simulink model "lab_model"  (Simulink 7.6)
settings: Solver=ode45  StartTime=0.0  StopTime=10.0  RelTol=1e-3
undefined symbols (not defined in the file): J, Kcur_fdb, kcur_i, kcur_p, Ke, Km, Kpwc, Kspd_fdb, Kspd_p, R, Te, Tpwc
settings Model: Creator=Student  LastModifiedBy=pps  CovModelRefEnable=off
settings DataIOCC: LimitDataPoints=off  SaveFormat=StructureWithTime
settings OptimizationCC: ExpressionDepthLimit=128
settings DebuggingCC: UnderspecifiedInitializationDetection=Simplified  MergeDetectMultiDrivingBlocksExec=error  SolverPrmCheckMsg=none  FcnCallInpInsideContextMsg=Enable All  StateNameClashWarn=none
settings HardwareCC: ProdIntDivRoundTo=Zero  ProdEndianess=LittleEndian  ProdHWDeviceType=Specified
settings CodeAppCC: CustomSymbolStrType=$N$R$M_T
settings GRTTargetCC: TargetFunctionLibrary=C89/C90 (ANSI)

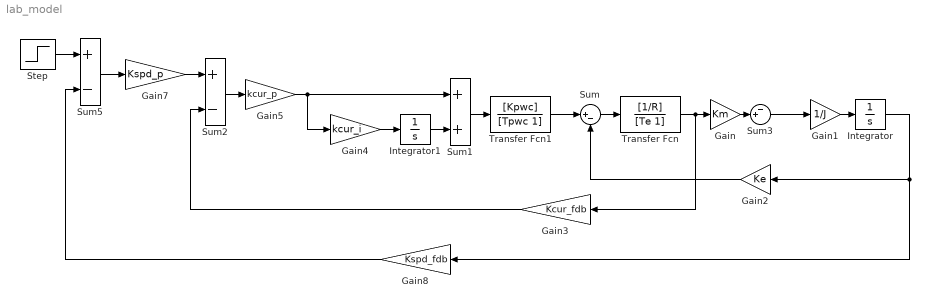
== system lab_model ==
  Gain : Gain  Gain=Km
  Gain1 : Gain  Gain=1/J
  Gain2 : Gain  Gain=Ke
  Gain3 : Gain  Gain=Kcur_fdb
  Gain4 : Gain  Gain=kcur_i
  Gain5 : Gain  Gain=kcur_p
  Gain7 : Gain  Gain=Kspd_p
  Gain8 : Gain  Gain=Kspd_fdb
  Integrator : Integrator
  Integrator1 : Integrator
  Step : Step  Time=0  SampleTime=0
  Sum : Sum  Inputs=|+-
  Sum1 : Sum
  Sum2 : Sum  Inputs=+-
  Sum3 : Sum  Inputs=-+|
  Sum5 : Sum  Inputs=+-
  Transfer Fcn : TransferFcn  Numerator=[1/R]  Denominator=[Te 1]
  Transfer Fcn1 : TransferFcn  Numerator=[Kpwc]  Denominator=[Tpwc 1]
  wires:
  Transfer Fcn/1 -> Gain3/1, Gain/1
  Gain1/1 -> Integrator/1
  Sum/1 -> Transfer Fcn/1
  Gain2/1 -> Sum/2
  Integrator/1 -> Gain8/1, Gain2/1
  Transfer Fcn1/1 -> Sum/1
  Sum1/1 -> Transfer Fcn1/1
  Integrator1/1 -> Sum1/2
  Gain4/1 -> Integrator1/1
  Gain5/1 -> Gain4/1, Sum1/1
  Sum2/1 -> Gain5/1
  Gain3/1 -> Sum2/2
  Gain/1 -> Sum3/2
  Sum3/1 -> Gain1/1
  Sum5/1 -> Gain7/1
  Gain8/1 -> Sum5/2
  Gain7/1 -> Sum2/1
  Step/1 -> Sum5/1

INSTRUCTIONS TO FOLLOW – Apply a filter for "TransferFcn" to the entries and show each line that passes.

OUTPUT OF THE EXERCISE –
  Transfer Fcn : TransferFcn  Numerator=[1/R]  Denominator=[Te 1]
  Transfer Fcn1 : TransferFcn  Numerator=[Kpwc]  Denominator=[Tpwc 1]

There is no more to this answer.